_WORK ITEM:_ In the listing below, find the line that contains "doc.units = ezdxf.units.MM" and the line that contains "blk.add_line(p, q, dxfattribs=at)". Quote both and every line between them, exactly, and nothing more.

_PROVIDED DATA:_

▽

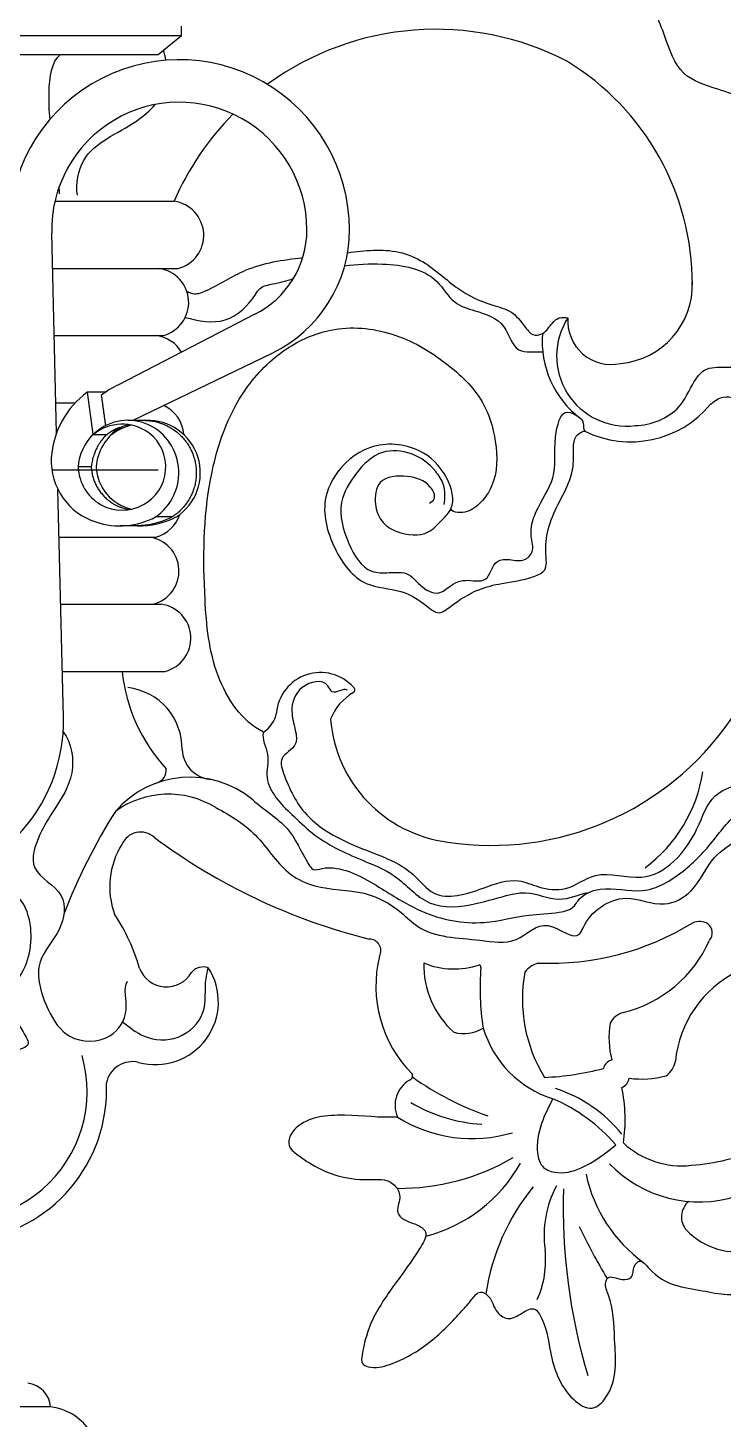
# Model space of a CAD drawing. Header units: millimetres. Extents: x 0 to 13338, y 0 to 11580.
# Drawn here: x 8274.8 to 8421.9, y 3857.1 to 4151.5 of the extents above; entities that cross this region are included whole.
import ezdxf

# ---------------------------------------------------------------- set-up
doc = ezdxf.new("R2010")
doc.units = ezdxf.units.MM
doc.layers.add('dwgmodels.com', color=250, linetype='Continuous')

# ---------------------------------------------------------------- blocks, each defined once
blk = doc.blocks.new('Public Light 9_side_dwgmodels.com')
at = {"color": 0}
for p, q in [((129.97, 3439.11), (129.97, 3441.11)), ((-130.03, 3439.11), (129.97, 3439.11)), ((-130.03, 3439.11), (129.97, 3439.11)), ((124.97, 3435.11), (129.97, 3439.11)), ((-125.03, 3435.11), (124.97, 3435.11)), ((-125.03, 3435.11), (124.97, 3435.11)), ((103.15, 3404.03), (128.37, 3404.03)), ((103.5, 3354.97), (102.47, 3397.34)), ((103.5, 3354.97), (102.47, 3397.34)), ((102.66, 3389.82), (129.21, 3389.82)), ((145.44, 3380.12), (116.59, 3365.2)), ((145.44, 3380.12), (116.59, 3365.2)), ((103, 3375.6), (126.02, 3375.6)), ((119.73, 3357.68), (149.1, 3371.89)), ((119.73, 3357.68), (149.1, 3371.89)), ((109.99, 3363.61), (111.17, 3354.72)), ((113.87, 3363.61), (109.99, 3363.61)), ((113.87, 3363.61), (109.99, 3363.61)), ((109.99, 3363.61), (111.17, 3354.72)), ((103.34, 3361.39), (107.47, 3361.39)), ((118.61, 3357.68), (122.8, 3357.68)), ((111.31, 3354.72), (111.17, 3354.72)), ((111.31, 3354.72), (111.17, 3354.72)), ((114.13, 3354.59), (111.19, 3354.59)), ((114.13, 3354.59), (111.19, 3354.59)), ((115.11, 3354.59), (114.97, 3354.59)), ((115.11, 3354.59), (114.97, 3354.59)), ((102.51, 3347.18), (125, 3347.18)), ((110.85, 3347.81), (108.04, 3347.81)), ((110.85, 3347.81), (108.04, 3347.81)), ((104.96, 3294.84), (103.79, 3343.05)), ((104.96, 3294.84), (103.79, 3343.05)), ((127.96, 3337.24), (124.45, 3337.24)), ((127.96, 3337.24), (124.45, 3337.24)), ((121.07, 3335.33), (116.95, 3335.33)), ((104.03, 3332.97), (124.48, 3332.97)), ((104.38, 3318.76), (125.65, 3318.76)), ((104.72, 3304.55), (126.48, 3304.55)), ((102.23, 3148.87), (-0.03, 3148.87))]:
    blk.add_line(p, q, dxfattribs=at)
for centre, radius, start, end in [((183.75, 3380.11), 60.32, 62.5162, 126.2034), ((129.47, 3397.99), 36, 0, 181.387), ((129.47, 3397.99), 36, 0, 181.387), ((182.73, 3386.45), 55.3, 359.8823, 58.5448), ((129.47, 3397.99), 27, 0, 181.387), ((129.47, 3397.99), 27, 0, 181.387), ((183.75, 3380.11), 60.32, 135.3663, 156.6359), ((127.39, 3396.84), 7.25, 284.4902, 82.2022), ((136.47, 3397.99), 20, 296.644, 0), ((136.47, 3397.99), 20, 296.644, 0), ((136.47, 3397.99), 29, 295.818, 0), ((136.47, 3397.99), 29, 295.818, 0), ((124.21, 3382.63), 7.25, 284.4902, 82.2022), ((221.34, 3386.33), 16.69, 275.027, 2.0185), ((224.15, 3371.29), 14.84, 147.059, 276.9778), ((220.82, 3378.64), 9.15, 175.4745, 282.5109), ((123.69, 3368.42), 7.25, 30.54, 82.2022), ((226.62, 3374.32), 20.36, 175.0584, 232.9733), ((124.59, 3348.35), 18.65, 115.3863, 128.5459), ((124.59, 3348.35), 18.65, 115.3863, 128.5459), ((123.18, 3354.21), 7.25, 3.5086, 65.47), ((224.96, 3375.13), 22.01, 243.8191, 320.2667), ((122.8, 3346.56), 11.12, 302.9461, 92.3613), ((122.8, 3346.56), 11.12, 302.9461, 92.3613), ((195.48, 3329.31), 61.59, 261.4332, 28.9598), ((123.15, 3346.73), 11.34, 123.8165, 174.5368), ((123.15, 3346.73), 11.34, 123.8165, 174.5368), ((121.52, 3346.67), 10.19, 101.936, 128.9895), ((121.52, 3346.67), 10.19, 101.936, 128.9895), ((122.8, 3346.56), 11.12, 117.0716, 133.7476), ((122.8, 3346.56), 11.12, 117.0716, 133.7476), ((121.5, 3348.29), 9.65, 182.8249, 257.3961), ((121.5, 3348.29), 9.65, 182.8249, 257.3961), ((121.07, 3352.11), 16.78, 268.4141, 297.5619), ((121.07, 3352.11), 16.78, 268.4141, 297.5619), ((122.67, 3339.99), 7.25, 284.4902, 341.9544), ((122.15, 3325.78), 7.25, 284.4902, 82.2022), ((124.67, 3311.57), 7.25, 284.4902, 82.2022), ((153.01, 3308.28), 35.84, 185.9726, 222.8092), ((159.36, 3294.91), 9.39, 41.9238, 174.8696), ((117.12, 3288.25), 12.93, 358.5157, 83.5139), ((165.91, 3300.63), 0.697, 304.7541, 51.2849), ((171.79, 3290.49), 11.03, 119.8118, 159.2339), ((144.14, 3296.78), 5.97, 301.5385, 349.9684), ((69.97, 3293.99), 35, 270, 1.387), ((69.97, 3293.99), 35, 270, 1.387), ((189.89, 3296.69), 28.5, 184.6014, 262.7768), ((136.65, 3288.27), 6.61, 183.1337, 265.3258), ((123.82, 3283.7), 2.9, 289.3247, 4.3852), ((209.39, 3288.07), 31.24, 306.5942, 351.1613), ((131.74, 3261.32), 20.83, 50.3399, 139.2702), ((127.16, 3259.43), 19.12, 58.4216, 125.9041), ((221.56, 3208.29), 124.87, 147.7565, 158.9307), ((121.3, 3266.2), 4.33, 48.2892, 156.349), ((200.64, 3372.1), 128.02, 233.3249, 255.9969), ((131.55, 3258.98), 16.8, 147.774, 200.2585), ((81.05, 3230.23), 41.62, 15.9338, 33.4289), ((207.87, 3300.28), 57.52, 267.5518, 301.7113), ((239.48, 3247.61), 3.98, 62.4075, 110.2135), ((239.85, 3249.22), 2.41, 318.5336, 52.468), ((169.68, 3245.44), 2.45, 331.4249, 90.4796), ((217.08, 3258.47), 26.86, 283.7074, 336.1803), ((134.56, 3238.67), 3.33, 71.6668, 139.191), ((197.31, 3237.92), 26.25, 166.0172, 224.976), ((187.61, 3258.59), 17.02, 247.828, 288.4113), ((200.39, 3242.45), 19.21, 178.8592, 228.0863), ((192.63, 3241.89), 0.663, 359.6808, 56.9464), ((207.18, 3237.13), 5.95, 107.3147, 140.6265), ((124.45, 3234.6), 13.29, 254.3693, 32.928), ((126.75, 3243.86), 6.09, 201.2245, 330.289), ((245.76, 3237.4), 52.66, 175.1163, 189.1139), ((233.69, 3235.18), 31.63, 169.5657, 211.5672), ((258.01, 3219.74), 23.69, 116.1337, 174.4363), ((224.66, 3228), 4.54, 105.5007, 152.8841), ((189.63, 3235.68), 7.8, 254.6227, 301.9631), ((215.31, 3235.52), 22.49, 196.6851, 252.3746), ((239.89, 3226.98), 19.51, 170.9035, 194.0072), ((82.48, 3215.68), 27.48, 180.7204, 16.0416), ((119.58, 3216.3), 5.65, 76.7854, 168.4273), ((221.53, 3219.95), 2.38, 103.892, 166.439), ((220.96, 3222.26), 4.547473508864641e-13, 270, 117.784), ((229.95, 3222.76), 4.54, 303.4629, 350.8463), ((177.93, 3218.94), 0.915, 286.1221, 27.4741), ((215.52, 3270.15), 63.2, 234.4908, 250.8048), ((204.56, 3275.11), 56.53, 272.2063, 285.0161), ((222.29, 3218.75), 2.38, 289.908, 352.455), ((227.25, 3237.78), 19.51, 262.3398, 285.4435), ((81.93, 3216), 32.15, 190.13, 2.5653), ((181.3, 3212.71), 6.19, 120.1882, 203.7021), ((199.66, 3187.67), 30.11, 38.9455, 71.7329), ((190.23, 3209.69), 33.58, 351.5119, 11.7147), ((195.49, 3241.99), 33.35, 239.2587, 266.5528), ((194.17, 3180.47), 36.54, 40.7852, 66.9074), ((191.45, 3235.4), 29.74, 237.8572, 286.712), ((235.78, 3218.08), 18.18, 227.2354, 276.3689), ((175.97, 3243.05), 47.92, 269.5069, 300.2418), ((234.43, 3245.48), 45.59, 274.2374, 293.3621), ((173.57, 3216.19), 32.2, 284.4442, 330.7578), ((245.82, 3204.5), 30.94, 191.8335, 234.2215), ((239.54, 3218.75), 26.49, 224.0161, 287.3169), ((240.54, 3165.9), 46.72, 140.7999, 171.512), ((228.67, 3185.21), 22.02, 151.7264, 187.8254), ((336.55, 3191.26), 125.86, 178.2735, 196.5069), ((239.98, 3189.08), 4.27, 129.7578, 221.3035), ((328.19, 3240.93), 126.16, 205.2669, 210.9565), ((247.61, 3196.77), 15.09, 224.1201, 283.036), ((186.91, 3179.89), 20.08, 335.6986, 6.6395), ((96.78, 3148.47), 5.47, 4.1677, 83.1729), ((100.93, 3137.41), 11.54, 265.2281, 83.4922)]:
    blk.add_arc(centre, radius, start, end, dxfattribs=at)
for centre, major_axis, start_param, end_param in [((120.34, 3348.35), (0, 18.65), 0.612572, 1.496177), ((120.34, 3348.35), (0, 18.65), 0.612572, 1.496177), ((118.61, 3346.56), (0, 11.12), 3.716611, 7.046725), ((118.61, 3346.56), (0, 11.12), 3.716611, 7.046725), ((117.38, 3346.67), (0, -10.19), 2.521056, 3.822089), ((117.38, 3346.67), (0, -10.19), 2.521056, 3.822089), ((118.95, 3346.73), (0, -11.34), 3.931376, 4.617039), ((118.95, 3346.73), (0, -11.34), 3.931376, 4.617039), ((118, 3347.79), (0, -8.9), 0.466622, 2.507431), ((118, 3347.79), (0, -8.9), 0.466622, 2.507431), ((115.43, 3349.19), (0, 13.52), 1.530111, 2.863474), ((115.43, 3349.19), (0, 13.52), 1.530111, 2.863474), ((117.36, 3348.29), (0, -9.65), 4.761694, 6.788615), ((117.36, 3348.29), (0, -9.65), 4.761694, 6.788615), ((116.95, 3352.11), (0, 16.78), 2.821184, 3.622639), ((116.95, 3352.11), (0, 16.78), 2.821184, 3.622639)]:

△

_WRITTEN REPLY:_
doc.units = ezdxf.units.MM
doc.layers.add('dwgmodels.com', color=250, linetype='Continuous')

# ---------------------------------------------------------------- blocks, each defined once
blk = doc.blocks.new('Public Light 9_side_dwgmodels.com')
at = {"color": 0}
for p, q in [((129.97, 3439.11), (129.97, 3441.11)), ((-130.03, 3439.11), (129.97, 3439.11)), ((-130.03, 3439.11), (129.97, 3439.11)), ((124.97, 3435.11), (129.97, 3439.11)), ((-125.03, 3435.11), (124.97, 3435.11)), ((-125.03, 3435.11), (124.97, 3435.11)), ((103.15, 3404.03), (128.37, 3404.03)), ((103.5, 3354.97), (102.47, 3397.34)), ((103.5, 3354.97), (102.47, 3397.34)), ((102.66, 3389.82), (129.21, 3389.82)), ((145.44, 3380.12), (116.59, 3365.2)), ((145.44, 3380.12), (116.59, 3365.2)), ((103, 3375.6), (126.02, 3375.6)), ((119.73, 3357.68), (149.1, 3371.89)), ((119.73, 3357.68), (149.1, 3371.89)), ((109.99, 3363.61), (111.17, 3354.72)), ((113.87, 3363.61), (109.99, 3363.61)), ((113.87, 3363.61), (109.99, 3363.61)), ((109.99, 3363.61), (111.17, 3354.72)), ((103.34, 3361.39), (107.47, 3361.39)), ((118.61, 3357.68), (122.8, 3357.68)), ((111.31, 3354.72), (111.17, 3354.72)), ((111.31, 3354.72), (111.17, 3354.72)), ((114.13, 3354.59), (111.19, 3354.59)), ((114.13, 3354.59), (111.19, 3354.59)), ((115.11, 3354.59), (114.97, 3354.59)), ((115.11, 3354.59), (114.97, 3354.59)), ((102.51, 3347.18), (125, 3347.18)), ((110.85, 3347.81), (108.04, 3347.81)), ((110.85, 3347.81), (108.04, 3347.81)), ((104.96, 3294.84), (103.79, 3343.05)), ((104.96, 3294.84), (103.79, 3343.05)), ((127.96, 3337.24), (124.45, 3337.24)), ((127.96, 3337.24), (124.45, 3337.24)), ((121.07, 3335.33), (116.95, 3335.33)), ((104.03, 3332.97), (124.48, 3332.97)), ((104.38, 3318.76), (125.65, 3318.76)), ((104.72, 3304.55), (126.48, 3304.55)), ((102.23, 3148.87), (-0.03, 3148.87))]:
    blk.add_line(p, q, dxfattribs=at)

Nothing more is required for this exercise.